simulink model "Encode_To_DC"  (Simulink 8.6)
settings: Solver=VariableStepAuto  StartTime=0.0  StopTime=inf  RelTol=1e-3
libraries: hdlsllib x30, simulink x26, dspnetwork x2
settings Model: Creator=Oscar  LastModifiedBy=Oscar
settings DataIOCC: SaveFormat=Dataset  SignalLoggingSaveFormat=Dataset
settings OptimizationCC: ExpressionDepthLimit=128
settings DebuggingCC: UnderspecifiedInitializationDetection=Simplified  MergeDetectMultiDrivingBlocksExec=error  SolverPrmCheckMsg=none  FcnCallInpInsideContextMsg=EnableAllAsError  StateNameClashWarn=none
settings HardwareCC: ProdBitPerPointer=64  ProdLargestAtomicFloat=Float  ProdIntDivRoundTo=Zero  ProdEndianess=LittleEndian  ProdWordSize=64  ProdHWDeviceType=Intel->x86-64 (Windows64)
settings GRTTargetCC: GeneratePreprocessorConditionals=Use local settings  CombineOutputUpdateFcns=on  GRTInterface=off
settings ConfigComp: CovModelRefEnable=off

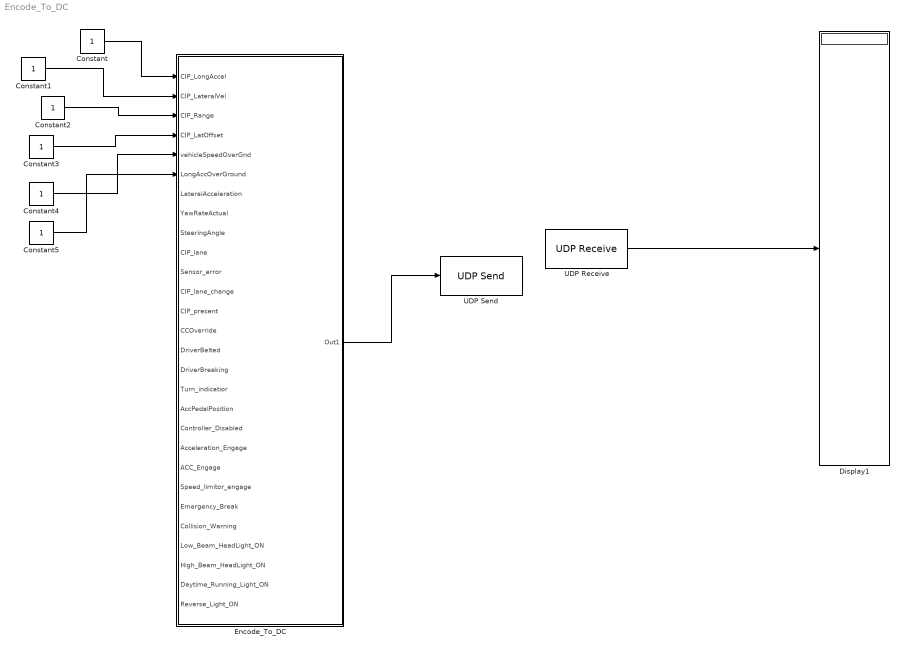
== system Encode_To_DC ==
  Constant{,1..5} (6 alike) : Constant
  Display1 : Display
      settings: Format=hex (Stored Integer)
  Encode_To_DC : Subsystem
  UDP Receive : dspnetwork/UDP Receive  localURL='0.0.0.0'  localPort=25000  remoteURL='localhost'  remotePort=-1  recvBufferSize=8192  dims=255  signalDatatype=uint16  isVarSize=on  showBlockingTime=off  blockingTime=0  sampletime=1
  UDP Send : dspnetwork/UDP Send  remoteURL='127.0.0.1'  remotePort=25000  localURL='0.0.0.0'  localPortSource=Automatically determine  localPort=-1  sampletime=-1  separateLengthPort=0
  wires:
  Encode_To_DC/1(Out1) -> UDP Send/1
  Constant/1 -> Encode_To_DC/1(CIP_LongAccel)
  UDP Receive/1 -> Display1/1
  Constant1/1 -> Encode_To_DC/2(CIP_LateralVel)
  Constant2/1 -> Encode_To_DC/3(CIP_Range)
  Constant3/1 -> Encode_To_DC/4(CIP_LatOffset)
  Constant4/1 -> Encode_To_DC/5(vehicleSpeedOverGnd)
  Constant5/1 -> Encode_To_DC/6(LongAccOverGround)

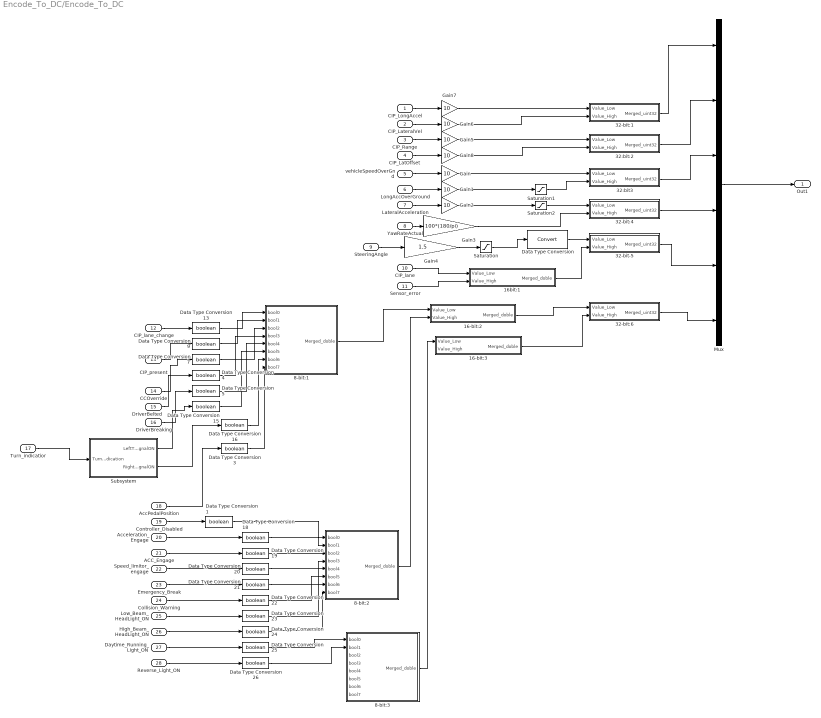
== system Encode_To_DC/Encode_To_DC ==
  CIP_LongAccel : Inport
  CIP_LateralVel : Inport  Port=2
  CIP_Range : Inport  Port=3
  CIP_LatOffset : Inport  Port=4
  vehicleSpeedOverGnd : Inport  Port=5
  LongAccOverGround : Inport  Port=6
  LateralAcceleration : Inport  Port=7
  YawRateActual : Inport  Port=8
  SteeringAngle : Inport  Port=9
  CIP_lane : Inport  Port=10
  Sensor_error : Inport  Port=11
  CIP_lane_change : Inport  Port=12
  CIP_present : Inport  Port=13
  CCOverride : Inport  Port=14
  DriverBelted : Inport  Port=15
  DriverBreaking : Inport  Port=16
  Turn_indicatior : Inport  Port=17
  AccPedalPosition : Inport  Port=18
  Controller_Disabled : Inport  Port=19
  Acceleration_Engage : Inport  Port=20
  ACC_Engage : Inport  Port=21
  Speed_limitor_engage : Inport  Port=22
  Emergency_Break : Inport  Port=23
  Collision_Warning : Inport  Port=24
  Low_Beam_HeadLight_ON : Inport  Port=25
  High_Beam_HeadLight_ON : Inport  Port=26
  Daytime_Running_Light_ON : Inport  Port=27
  Reverse_Light_ON : Inport  Port=28
  16-bit:2 : Subsystem
  16-bit:3 : Subsystem
  16bit:1 : Subsystem
  32-bit-5 : Subsystem
  32-bit:1 : Subsystem
  32-bit:4 : Subsystem
  32-bit:6 : Subsystem
  32:bit3 : Subsystem
  32:bit:2 : Subsystem
  8-bit:1 : Subsystem
  8-bit:2 : Subsystem
  8-bit:3 : Subsystem
  Data Type Conversion : DataTypeConversion
  Data Type Conversion{1,3..5,7,9,13,15..16,18..26} (18 alike) : DataTypeConversion  OutDataTypeStr=boolean  RndMeth=Nearest
  Gain{,1..2,5..8} (7 alike) : Gain  Gain=10
  Gain3 : Gain  Gain=100*(180/pi)
  Gain4 : Gain  Gain=1.5  OutMin=[-511]  OutMax=[512]  OutDataTypeStr=int16  SaturateOnIntegerOverflow=on
  Mux : Mux  Inputs=6
  Saturation : Saturate  UpperLimit=512  LowerLimit=-511
  Saturation1 : Saturate  UpperLimit=160  LowerLimit=-160
  Saturation2 : Saturate  UpperLimit=160  LowerLimit=-160
  Subsystem : Subsystem
  Out1 : Outport
  wires:
  LongAccOverGround/1 -> Gain1/1
  CIP_LateralVel/1 -> Gain6/1
  Turn_indicatior/1 -> Subsystem/1(Turn_Indication)
  DriverBreaking/1 -> Data Type Conversion5/1
  DriverBelted/1 -> Data Type Conversion4/1
  LateralAcceleration/1 -> Gain2/1
  CIP_lane_change/1 -> Data Type Conversion13/1
  AccPedalPosition/1 -> Data Type Conversion3/1
  CCOverride/1 -> Data Type Conversion7/1
  Mux/1 -> Out1/1
  CIP_present/1 -> Data Type Conversion9/1
  CIP_Range/1 -> Gain5/1
  Gain1/1 -> Saturation1/1
  Gain2/1 -> Saturation2/1
  Subsystem/1(LeftTurnSignalON) -> Data Type Conversion15/1
  Gain5/1 -> 32:bit:2/1(Value_Low)
  Gain6/1 -> 32-bit:1/2(Value_High)
  CIP_LongAccel/1 -> Gain7/1
  Gain7/1 -> 32-bit:1/1(Value_Low)
  CIP_LatOffset/1 -> Gain8/1
  Gain8/1 -> 32:bit:2/2(Value_High)
  Subsystem/2(RightTurnSignalON) -> Data Type Conversion16/1
  Controller_Disabled/1 -> Data Type Conversion1/1
  Acceleration_Engage/1 -> Data Type Conversion18/1
  ACC_Engage/1 -> Data Type Conversion19/1
  Speed_limitor_engage/1 -> Data Type Conversion20/1
  Emergency_Break/1 -> Data Type Conversion21/1
  Collision_Warning/1 -> Data Type Conversion22/1
  Low_Beam_HeadLight_ON/1 -> Data Type Conversion23/1
  High_Beam_HeadLight_ON/1 -> Data Type Conversion24/1
  Daytime_Running_Light_ON/1 -> Data Type Conversion25/1
  Reverse_Light_ON/1 -> Data Type Conversion26/1
  32-bit:1/1(Merged_uint32) -> Mux/1
  32:bit:2/1(Merged_uint32) -> Mux/2
  vehicleSpeedOverGnd/1 -> Gain/1
  Gain/1 -> 32:bit3/1(Value_Low)
  Saturation1/1 -> 32:bit3/2(Value_High)
  YawRateActual/1 -> Gain3/1
  SteeringAngle/1 -> Gain4/1
  Gain4/1 -> Saturation/1
  Saturation2/1 -> 32-bit:4/1(Value_Low)
  Gain3/1 -> 32-bit:4/2(Value_High)
  Saturation/1 -> Data Type Conversion/1
  32:bit3/1(Merged_uint32) -> Mux/3
  32-bit:4/1(Merged_uint32) -> Mux/4
  32-bit-5/1(Merged_uint32) -> Mux/5
  Data Type Conversion/1 -> 32-bit-5/1(Value_Low)
  CIP_lane/1 -> 16bit:1/1(Value_Low)
  Sensor_error/1 -> 16bit:1/2(Value_High)
  16bit:1/1(Merged_doble) -> 32-bit-5/2(Value_High)
  8-bit:1/1(Merged_doble) -> 16-bit:2/1(Value_Low)
  8-bit:2/1(Merged_doble) -> 16-bit:2/2(Value_High)
  32-bit:6/1(Merged_uint32) -> Mux/6
  16-bit:2/1(Merged_doble) -> 32-bit:6/1(Value_Low)
  Data Type Conversion13/1 -> 8-bit:1/1(bool0)
  Data Type Conversion9/1 -> 8-bit:1/2(bool1)
  Data Type Conversion7/1 -> 8-bit:1/3(bool2)
  Data Type Conversion4/1 -> 8-bit:1/4(bool3)
  Data Type Conversion5/1 -> 8-bit:1/5(bool4)
  Data Type Conversion15/1 -> 8-bit:1/6(bool5)
  Data Type Conversion16/1 -> 8-bit:1/7(bool6)
  Data Type Conversion3/1 -> 8-bit:1/8(bool7)
  Data Type Conversion1/1 -> 8-bit:2/1(bool0)
  Data Type Conversion18/1 -> 8-bit:2/2(bool1)
  Data Type Conversion19/1 -> 8-bit:2/3(bool2)
  Data Type Conversion20/1 -> 8-bit:2/4(bool3)
  Data Type Conversion21/1 -> 8-bit:2/5(bool4)
  Data Type Conversion22/1 -> 8-bit:2/6(bool5)
  Data Type Conversion23/1 -> 8-bit:2/7(bool6)
  Data Type Conversion24/1 -> 8-bit:2/8(bool7)
  8-bit:3/1(Merged_doble) -> 16-bit:3/1(Value_Low)
  Data Type Conversion25/1 -> 8-bit:3/1(bool0)
  Data Type Conversion26/1 -> 8-bit:3/2(bool1)
  16-bit:3/1(Merged_doble) -> 32-bit:6/2(Value_High)

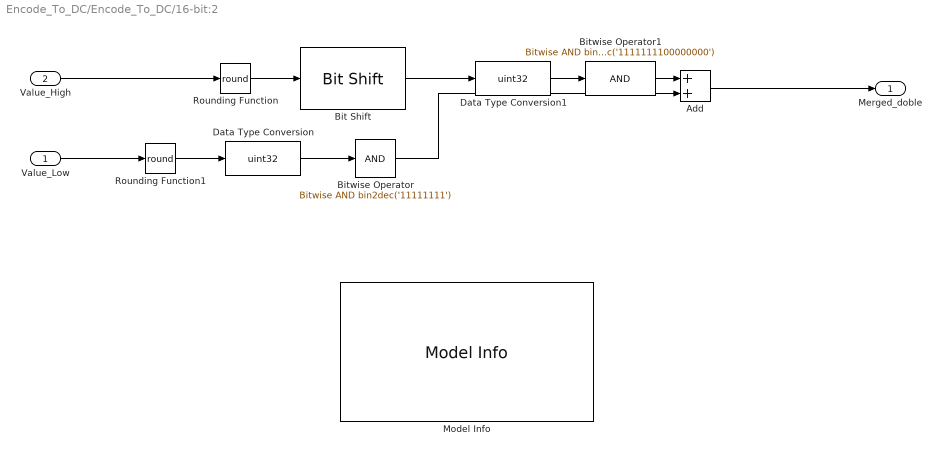
== system Encode_To_DC/Encode_To_DC/16-bit:2 ==
  Value_Low : Inport
  Value_High : Inport  Port=2
  Add : Sum  OutDataTypeStr=double
  Bit Shift : hdlsllib/HDL Operations/Bit Shift  mode=Shift Left Logical  N=8
  Bitwise Operator : simulink/Logic and Bit Operations/Bitwise Operator  logicop=AND  UseBitMask=on  BitMask=bin2dec('11111111')  BitMaskRealWorld=Stored Integer
  Bitwise Operator1 : simulink/Logic and Bit Operations/Bitwise Operator  logicop=AND  UseBitMask=on  BitMask=bin2dec('1111111100000000')  BitMaskRealWorld=Stored Integer
  Data Type Conversion : DataTypeConversion  OutDataTypeStr=uint32
  Data Type Conversion1 : DataTypeConversion  OutDataTypeStr=uint32
  Model Info : simulink/Model-Wide Utilities/Model Info  Frame=on  DisplayStringWithTags=|  HorizontalTextAlignment=Center  LeftAlignmentValue=0.5  SourceBlockDiagram=Encode_To_DC  TagMaxNumber=20
      | %<Created>
      | %<Creator>
      | 
      | Shift and round two double values into one double value.
      | 
      | input:	two double values (treated as 8-bit)
      | output:	One double value(treated as 16-bit)
  Rounding Function : Rounding  Operator=round
  Rounding Function1 : Rounding  Operator=round
  Merged_doble : Outport
  wires:
  Bit Shift/1 -> Data Type Conversion1/1
  Data Type Conversion1/1 -> Bitwise Operator1/1
  Rounding Function/1 -> Bit Shift/1
  Data Type Conversion/1 -> Bitwise Operator/1
  Bitwise Operator/1 -> Add/2
  Rounding Function1/1 -> Data Type Conversion/1
  Bitwise Operator1/1 -> Add/1
  Add/1 -> Merged_doble/1
  Value_Low/1 -> Rounding Function1/1
  Value_High/1 -> Rounding Function/1

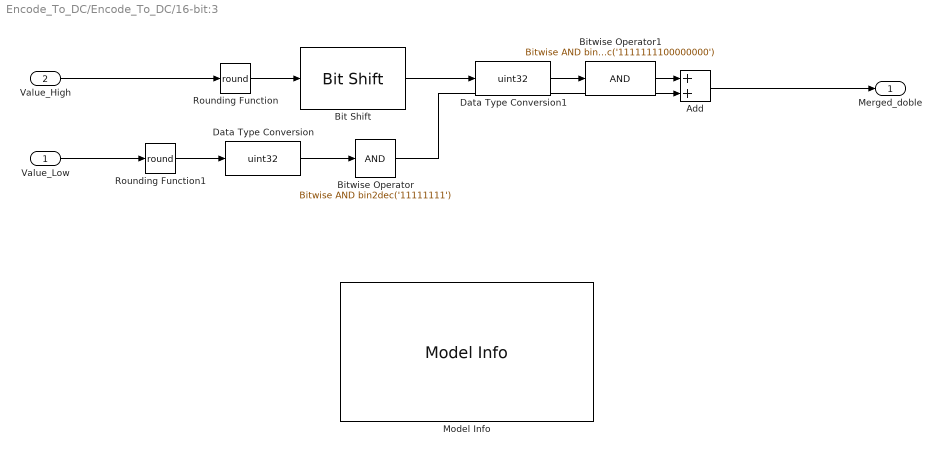
== system Encode_To_DC/Encode_To_DC/16-bit:3 ==
  Value_Low : Inport
  Value_High : Inport  Port=2
  Add : Sum  OutDataTypeStr=double
  Bit Shift : hdlsllib/HDL Operations/Bit Shift  mode=Shift Left Logical  N=8
  Bitwise Operator : simulink/Logic and Bit Operations/Bitwise Operator  logicop=AND  UseBitMask=on  BitMask=bin2dec('11111111')  BitMaskRealWorld=Stored Integer
  Bitwise Operator1 : simulink/Logic and Bit Operations/Bitwise Operator  logicop=AND  UseBitMask=on  BitMask=bin2dec('1111111100000000')  BitMaskRealWorld=Stored Integer
  Data Type Conversion : DataTypeConversion  OutDataTypeStr=uint32
  Data Type Conversion1 : DataTypeConversion  OutDataTypeStr=uint32
  Model Info : simulink/Model-Wide Utilities/Model Info  Frame=on  DisplayStringWithTags=|  HorizontalTextAlignment=Center  LeftAlignmentValue=0.5  SourceBlockDiagram=Encode_To_DC  TagMaxNumber=20
      | %<Created>
      | %<Creator>
      | 
      | Shift and round two double values into one double value.
      | 
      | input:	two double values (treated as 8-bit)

##########

* **What the task asks**:
Out of the data above, return each line where the word "Send" can be found.

* **Output of the task**:
  UDP Send : dspnetwork/UDP Send  remoteURL='127.0.0.1'  remotePort=25000  localURL='0.0.0.0'  localPortSource=Automatically determine  localPort=-1  sampletime=-1  separateLengthPort=0
  Encode_To_DC/1(Out1) -> UDP Send/1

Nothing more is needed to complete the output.